Im sure most of you are familiar with this store but the closest one to me is about 100 miles away in Memphis. So anyway, i couldnt find any 46-0-0 around my neck of the woods anywhere so I made the trek south today. Man what an awesome place lol. Its like a lawn nut paradise. Shelves of chemicals, pallets of fert, expensive spray/spreader rigs out front. Decided to get 2 50lb bags since it was only $17 a bag and I wanted to make sure I had plenty for a while. Guy tells me he will grab it from the warehouse and meet out front.
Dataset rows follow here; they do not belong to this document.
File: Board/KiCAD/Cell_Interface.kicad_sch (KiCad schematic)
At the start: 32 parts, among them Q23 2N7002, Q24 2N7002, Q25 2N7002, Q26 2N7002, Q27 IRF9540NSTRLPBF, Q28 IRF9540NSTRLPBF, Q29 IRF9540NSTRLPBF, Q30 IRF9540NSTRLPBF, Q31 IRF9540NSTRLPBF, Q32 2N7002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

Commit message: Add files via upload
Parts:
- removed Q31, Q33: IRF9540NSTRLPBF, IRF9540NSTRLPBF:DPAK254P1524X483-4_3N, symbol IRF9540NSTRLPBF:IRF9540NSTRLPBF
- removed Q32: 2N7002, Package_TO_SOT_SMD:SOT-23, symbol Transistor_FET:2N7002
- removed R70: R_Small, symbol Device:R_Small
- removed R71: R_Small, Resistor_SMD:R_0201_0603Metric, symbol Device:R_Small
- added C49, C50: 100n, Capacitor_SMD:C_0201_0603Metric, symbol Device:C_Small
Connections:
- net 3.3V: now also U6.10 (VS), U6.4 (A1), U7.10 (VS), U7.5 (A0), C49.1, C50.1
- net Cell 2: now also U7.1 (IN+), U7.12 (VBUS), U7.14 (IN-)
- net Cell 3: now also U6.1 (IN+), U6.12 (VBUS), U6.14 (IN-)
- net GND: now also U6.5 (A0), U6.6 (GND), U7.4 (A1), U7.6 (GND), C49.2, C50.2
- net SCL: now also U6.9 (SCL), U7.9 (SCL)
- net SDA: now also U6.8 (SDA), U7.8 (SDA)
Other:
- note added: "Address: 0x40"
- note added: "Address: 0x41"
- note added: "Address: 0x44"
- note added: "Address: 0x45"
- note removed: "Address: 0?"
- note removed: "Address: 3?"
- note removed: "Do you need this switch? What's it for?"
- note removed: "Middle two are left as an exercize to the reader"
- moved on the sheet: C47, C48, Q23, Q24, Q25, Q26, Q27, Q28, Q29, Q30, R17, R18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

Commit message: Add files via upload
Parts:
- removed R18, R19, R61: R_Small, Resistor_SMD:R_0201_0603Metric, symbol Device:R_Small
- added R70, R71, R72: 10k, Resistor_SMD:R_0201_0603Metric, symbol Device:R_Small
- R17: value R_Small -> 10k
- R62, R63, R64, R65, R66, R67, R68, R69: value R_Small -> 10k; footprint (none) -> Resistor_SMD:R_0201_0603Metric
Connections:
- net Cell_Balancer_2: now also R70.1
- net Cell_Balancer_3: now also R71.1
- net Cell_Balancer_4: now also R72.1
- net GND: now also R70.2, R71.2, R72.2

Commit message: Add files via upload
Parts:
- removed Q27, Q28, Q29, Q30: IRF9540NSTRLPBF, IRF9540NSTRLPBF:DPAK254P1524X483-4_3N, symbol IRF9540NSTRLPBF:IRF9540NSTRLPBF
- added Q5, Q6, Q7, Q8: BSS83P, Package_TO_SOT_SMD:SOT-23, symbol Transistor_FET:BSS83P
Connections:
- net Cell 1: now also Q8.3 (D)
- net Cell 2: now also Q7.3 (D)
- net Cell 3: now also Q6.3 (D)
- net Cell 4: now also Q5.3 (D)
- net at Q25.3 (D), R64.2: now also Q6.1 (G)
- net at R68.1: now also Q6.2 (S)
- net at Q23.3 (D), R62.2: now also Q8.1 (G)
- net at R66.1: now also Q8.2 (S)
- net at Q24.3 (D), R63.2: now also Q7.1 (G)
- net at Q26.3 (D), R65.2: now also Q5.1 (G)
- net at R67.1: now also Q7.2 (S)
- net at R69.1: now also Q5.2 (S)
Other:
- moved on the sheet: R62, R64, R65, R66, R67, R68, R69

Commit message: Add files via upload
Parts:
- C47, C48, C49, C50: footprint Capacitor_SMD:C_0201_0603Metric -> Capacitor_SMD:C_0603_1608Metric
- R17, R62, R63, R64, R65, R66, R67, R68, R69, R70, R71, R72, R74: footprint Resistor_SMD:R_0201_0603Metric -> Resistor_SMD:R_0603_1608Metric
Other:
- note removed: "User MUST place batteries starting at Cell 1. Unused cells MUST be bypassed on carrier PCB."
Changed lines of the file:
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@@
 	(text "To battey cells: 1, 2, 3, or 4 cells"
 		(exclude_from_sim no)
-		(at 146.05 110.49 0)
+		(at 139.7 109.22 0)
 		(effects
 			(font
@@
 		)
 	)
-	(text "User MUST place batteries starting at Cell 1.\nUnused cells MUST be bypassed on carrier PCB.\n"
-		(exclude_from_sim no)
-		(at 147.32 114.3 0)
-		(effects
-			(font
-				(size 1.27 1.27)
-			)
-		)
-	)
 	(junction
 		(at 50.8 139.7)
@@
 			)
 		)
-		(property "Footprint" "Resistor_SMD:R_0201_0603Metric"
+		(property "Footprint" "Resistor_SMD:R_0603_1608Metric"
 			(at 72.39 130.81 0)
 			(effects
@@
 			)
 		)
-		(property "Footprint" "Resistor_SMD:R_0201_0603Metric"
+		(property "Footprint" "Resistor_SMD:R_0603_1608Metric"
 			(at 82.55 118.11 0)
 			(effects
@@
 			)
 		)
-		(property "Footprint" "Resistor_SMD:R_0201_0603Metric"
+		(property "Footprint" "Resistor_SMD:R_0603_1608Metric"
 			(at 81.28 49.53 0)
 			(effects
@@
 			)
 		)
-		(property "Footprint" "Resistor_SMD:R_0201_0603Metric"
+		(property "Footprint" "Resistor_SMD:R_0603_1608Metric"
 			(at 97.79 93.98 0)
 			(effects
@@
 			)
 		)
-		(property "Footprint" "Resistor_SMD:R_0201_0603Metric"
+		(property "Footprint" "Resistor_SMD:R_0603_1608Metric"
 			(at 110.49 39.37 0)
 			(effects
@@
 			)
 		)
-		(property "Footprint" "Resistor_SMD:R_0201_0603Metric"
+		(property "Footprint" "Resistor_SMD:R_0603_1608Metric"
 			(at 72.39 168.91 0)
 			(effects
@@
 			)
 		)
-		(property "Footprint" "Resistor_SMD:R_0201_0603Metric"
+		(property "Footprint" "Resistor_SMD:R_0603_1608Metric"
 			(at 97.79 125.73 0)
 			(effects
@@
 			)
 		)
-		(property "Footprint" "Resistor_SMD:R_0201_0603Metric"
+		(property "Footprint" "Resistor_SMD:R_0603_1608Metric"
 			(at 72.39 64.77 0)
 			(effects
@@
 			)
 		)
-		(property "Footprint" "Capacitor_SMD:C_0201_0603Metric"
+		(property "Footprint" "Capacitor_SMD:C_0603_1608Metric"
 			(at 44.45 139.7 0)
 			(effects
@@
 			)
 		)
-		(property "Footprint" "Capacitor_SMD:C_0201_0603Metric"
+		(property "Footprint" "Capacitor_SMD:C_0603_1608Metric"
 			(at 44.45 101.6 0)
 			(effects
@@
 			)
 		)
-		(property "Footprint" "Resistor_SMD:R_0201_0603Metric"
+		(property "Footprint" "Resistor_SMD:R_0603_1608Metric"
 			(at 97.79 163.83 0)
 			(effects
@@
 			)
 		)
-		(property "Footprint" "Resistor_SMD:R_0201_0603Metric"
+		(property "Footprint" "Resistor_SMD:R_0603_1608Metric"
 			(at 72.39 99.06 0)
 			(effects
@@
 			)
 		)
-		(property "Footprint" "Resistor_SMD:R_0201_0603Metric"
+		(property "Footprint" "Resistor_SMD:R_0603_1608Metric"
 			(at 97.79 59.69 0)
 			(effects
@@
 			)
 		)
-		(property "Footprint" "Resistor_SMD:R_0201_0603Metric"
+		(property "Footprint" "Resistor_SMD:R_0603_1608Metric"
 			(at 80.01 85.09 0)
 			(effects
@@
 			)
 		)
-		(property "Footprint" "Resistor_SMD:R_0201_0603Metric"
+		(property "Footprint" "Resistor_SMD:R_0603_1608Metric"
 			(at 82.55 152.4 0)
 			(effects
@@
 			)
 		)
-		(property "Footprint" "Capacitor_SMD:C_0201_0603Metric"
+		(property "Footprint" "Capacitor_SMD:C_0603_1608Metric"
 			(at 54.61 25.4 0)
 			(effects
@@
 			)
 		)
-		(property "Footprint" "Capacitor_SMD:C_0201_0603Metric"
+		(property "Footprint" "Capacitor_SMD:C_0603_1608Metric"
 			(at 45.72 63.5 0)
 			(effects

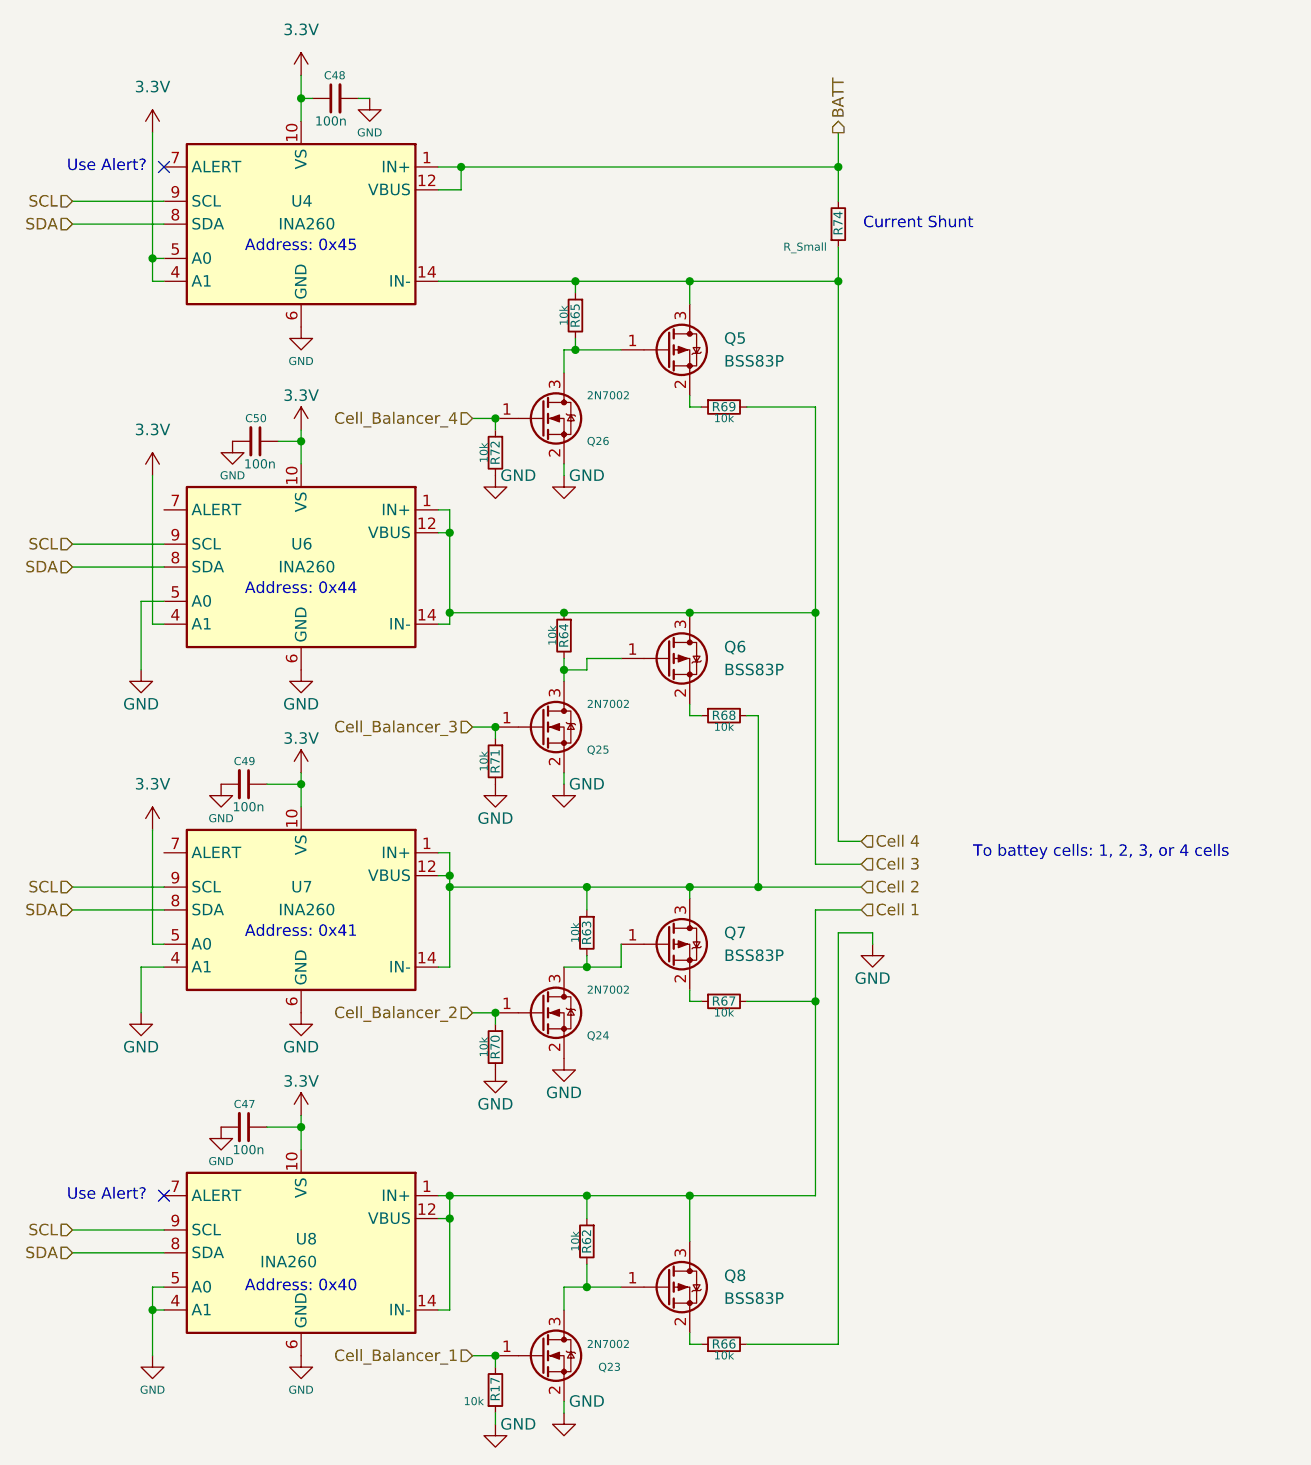
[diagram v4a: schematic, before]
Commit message: Schematic: - Fixed FDI plug - Added thermistor connectors - Added a bunch of NCs using KiCAD NC tool - Added filter cap back into battery current shunt - Added bypass cap to LTC - Removed Cell 4 INA260 because the LTC does current, voltage of that top cell! Board Layout: - Chewed out team for not reading the BQ's datasheet, specifically Section 11 - Relayed out power stream using Section 11 as a refernce - Changed some footprints, mostly reducing size to 0603 - Positioned things optimally given what I thought made sense (dangerous, I know) - Fixed ground planes Other: - Removed PRL and CACHE files from the repo.
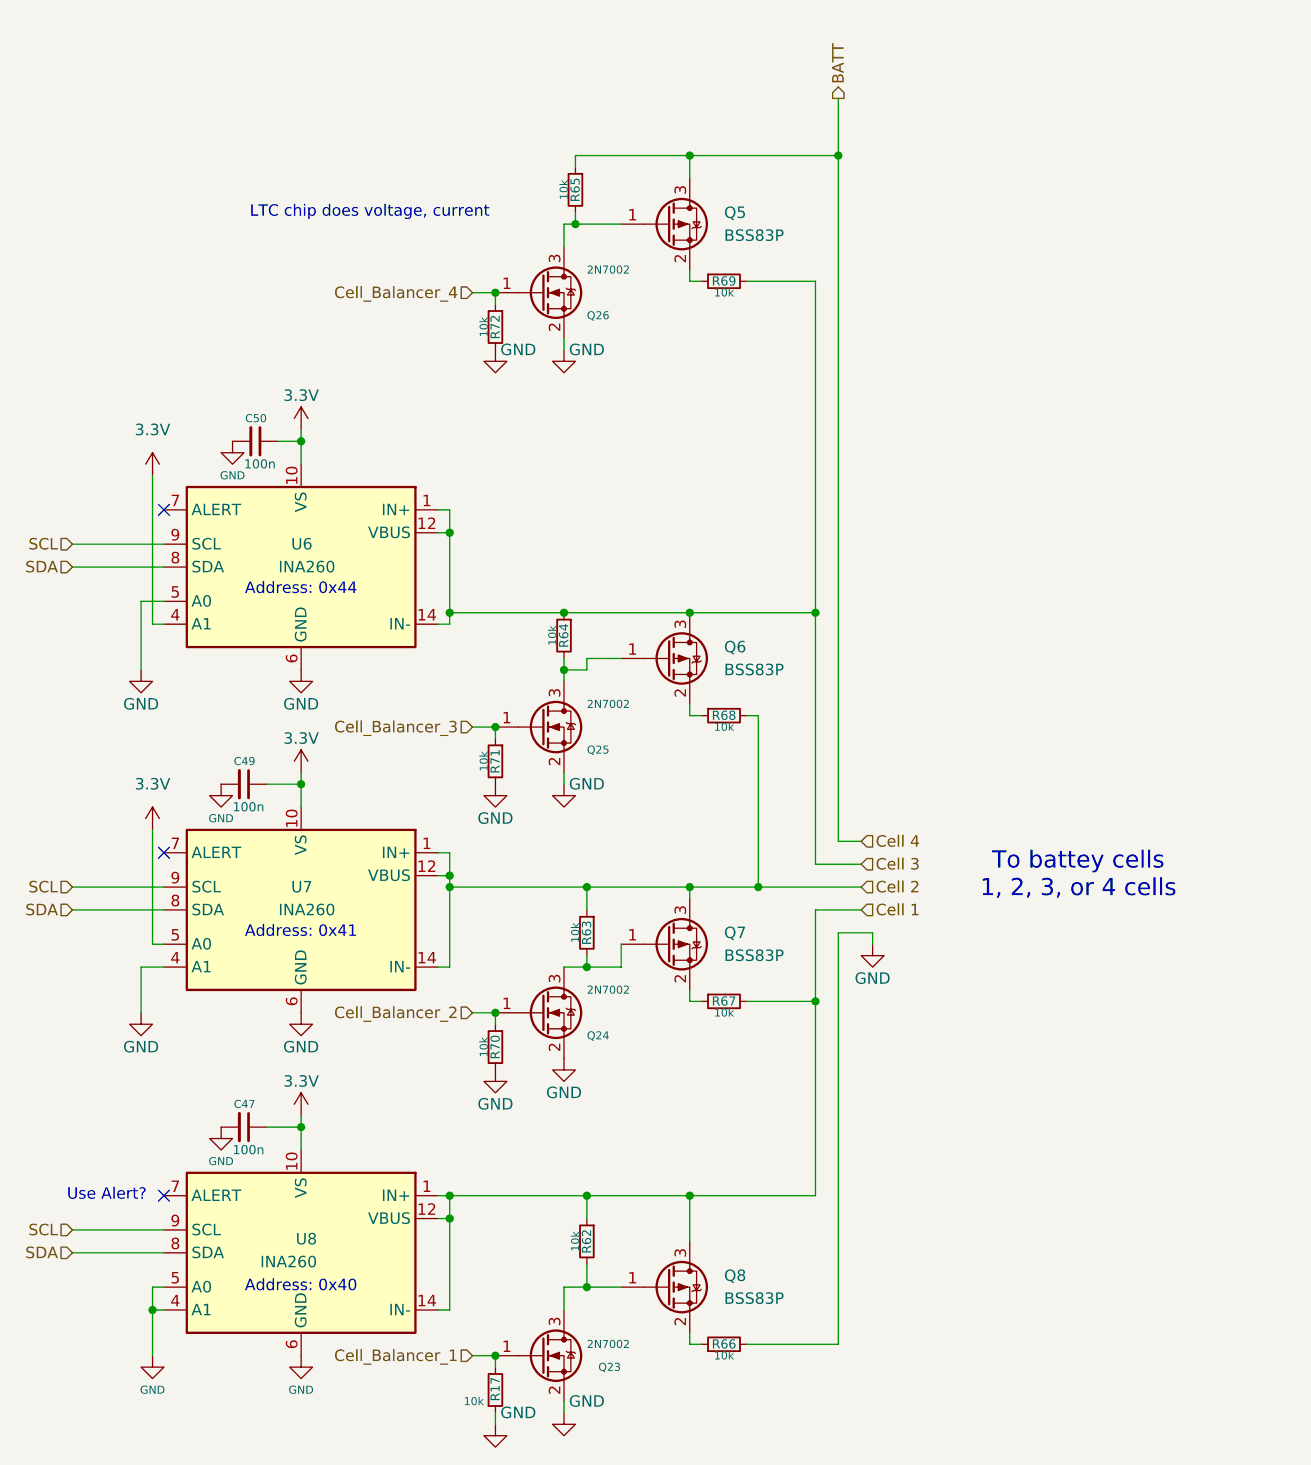
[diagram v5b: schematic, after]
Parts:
- removed C48: 100n, Capacitor_SMD:C_0603_1608Metric, symbol Device:C_Small
- removed R74: R_Small, Resistor_SMD:R_0603_1608Metric, symbol Device:R_Small
- removed U4: INA260, Package_SO:TSSOP-16_4.4x5mm_P0.65mm, symbol Sensor:INA260
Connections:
- net Cell 4 is gone; now on net BATT: Q5.3 (D), R65.1
- no-connect marks 2 -> 3
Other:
- note added: "LTC chip does voltage, current"
- note added: "To battey cells 1, 2, 3, or 4 cells"
- note removed: "Address: 0x45"
- note removed: "Current Shunt"
- note removed: "To battey cells: 1, 2, 3, or 4 cells"
- moved on the sheet: Q26, Q5, R65, R69, R72

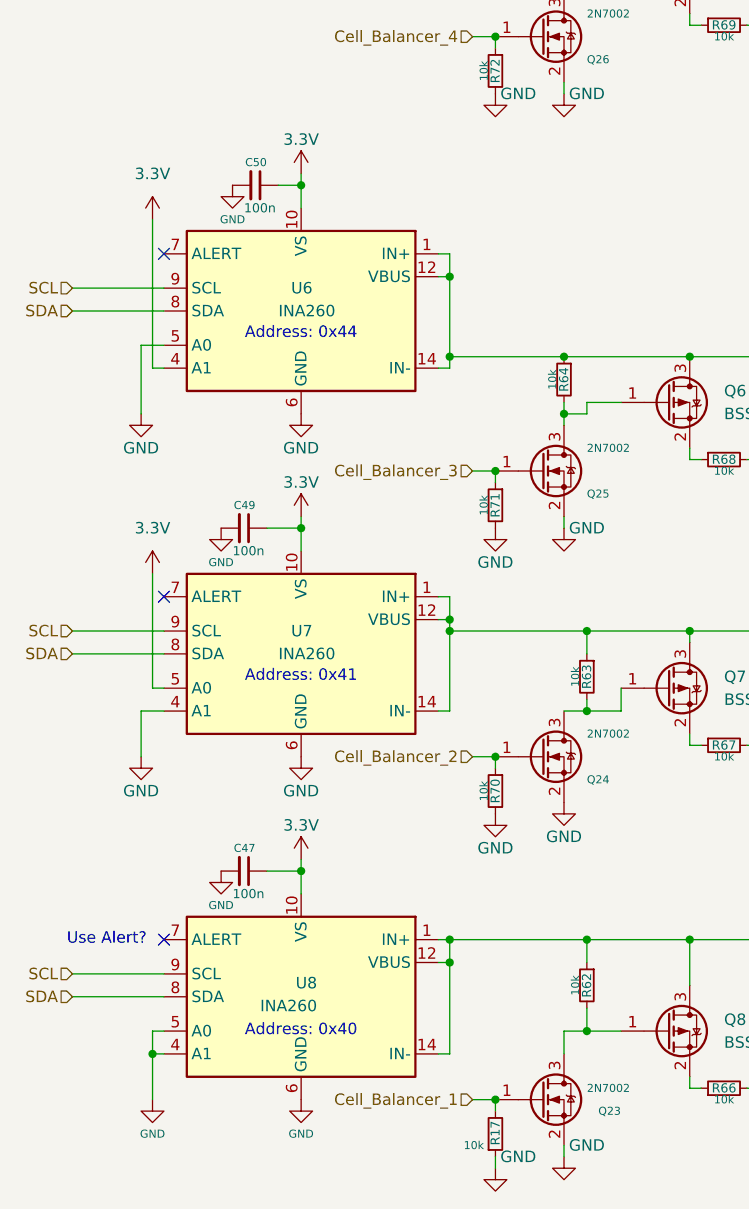
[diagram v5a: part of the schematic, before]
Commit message: Completed PCB Traceout
PCB Layout and traceout completed

@KeytarGoblin @Danish2PSU  @andrewgreenberg
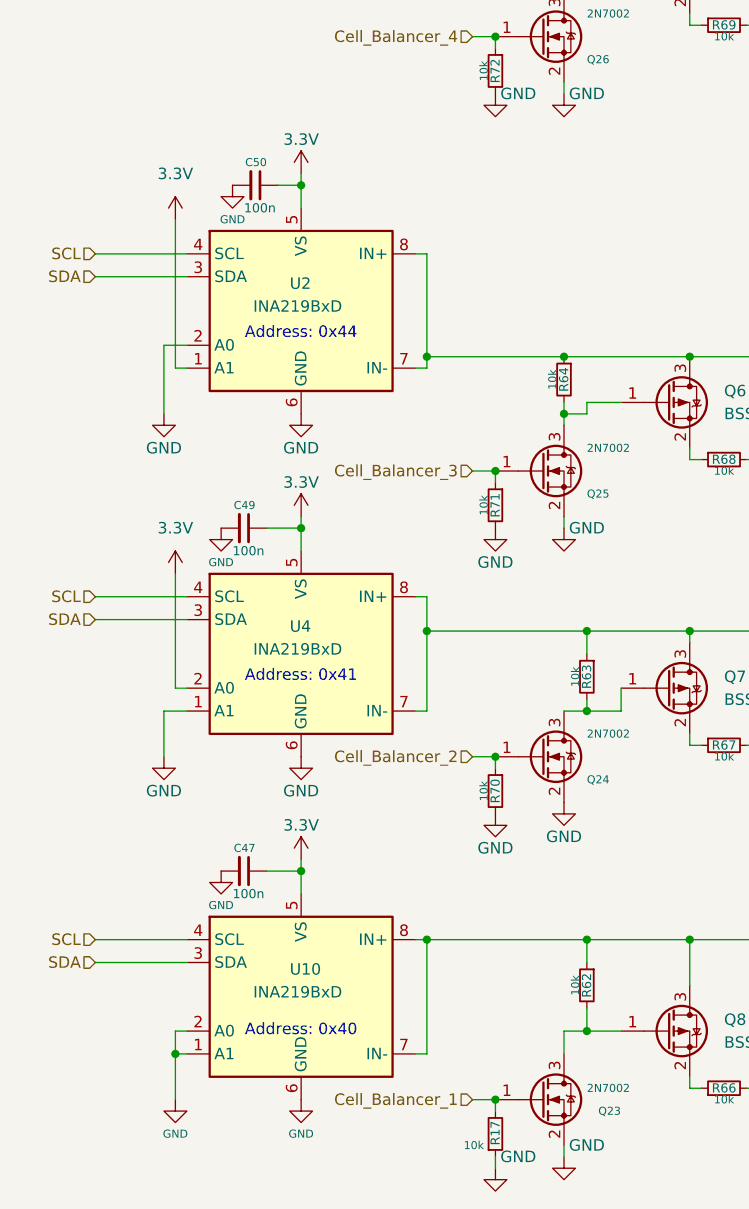
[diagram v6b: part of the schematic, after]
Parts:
- removed U6, U7, U8: INA260, Package_SO:TSSOP-16_4.4x5mm_P0.65mm, symbol Sensor:INA260
- added U10, U2, U4: INA219BxD, Package_SO:SOIC-8_3.9x4.9mm_P1.27mm, symbol Sensor_Energy:INA219BxD
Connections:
- net 3.3V: now also U10.5 (VS), U2.1 (A1), U2.5 (VS), U4.2 (A0), U4.5 (VS)
- net Cell 1: now also U10.7 (IN-), U10.8 (IN+)
- net Cell 2: now also U4.7 (IN-), U4.8 (IN+)
- net Cell 3: now also U2.7 (IN-), U2.8 (IN+)
- net GND: now also U10.1 (A1), U10.2 (A0), U10.6 (GND), U2.2 (A0), U2.6 (GND), U4.1 (A1), U4.6 (GND)
- net SCL: now also U10.4 (SCL), U2.4 (SCL), U4.4 (SCL)
- net SDA: now also U10.3 (SDA), U2.3 (SDA), U4.3 (SDA)
- no-connect marks 3 -> 0
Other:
- note removed: "Use Alert?"

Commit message: current form
current form of pcb @andrewgreenberg
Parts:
- removed U10, U2, U4: INA219BxD, Package_SO:SOIC-8_3.9x4.9mm_P1.27mm, symbol Sensor_Energy:INA219BxD
- added U6, U7, U8: INA219AxDCN, Package_TO_SOT_SMD:SOT-23-8, symbol Sensor_Energy:INA219AxDCN
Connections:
- net 3.3V: now also U6.1 (A1), U6.5 (VS), U7.2 (A0), U7.5 (VS), U8.5 (VS)
- net Cell 1: now also U8.7 (IN-), U8.8 (IN+)
- net Cell 2: now also U7.7 (IN-), U7.8 (IN+)
- net Cell 3: now also U6.7 (IN-), U6.8 (IN+)
- net GND: now also U6.2 (A0), U6.6 (GND), U7.1 (A1), U7.6 (GND), U8.1 (A1), U8.2 (A0), U8.6 (GND)
- net SCL: now also U6.4 (SCL), U7.4 (SCL), U8.4 (SCL)
- net SDA: now also U6.3 (SDA), U7.3 (SDA), U8.3 (SDA)

He comes out with 3 bags on the cart, "he man I didnt know if you would want an extra bag but this one has a small hole in it, its your if you want it." Well heck yeah Mr. Siteone counter guy I would love an extra bag.! So 150 lbs of fert for $40. Not a bad trip
I could spend a fortune in that place.


----------



## pennstater2005 (Jul 17, 2017)

$17 a bag is pretty good. You don't have any farm and feed type stores near you? I'd ask a few farmers where they get their stuff from. That's how I found a place that was only 7 or 8 miles away that I never knew was there.


----------



## kstall (May 10, 2019)

Actually called around to all the local co-ops and no one carried it.


----------



## pennstater2005 (Jul 17, 2017)

kstall said:


> Actually called around to all the local co-ops and no one carried it.


That's crazy!


----------



## kstall (May 10, 2019)

indeed it is. But hey at least I found a place


----------



## ctrav (Aug 18, 2018)

Good score... Site One folks are usually awesome...


----------



## M311att (May 22, 2017)

Which one did you go to? The one in the city or in the country?


----------



## kstall (May 10, 2019)

City one


----------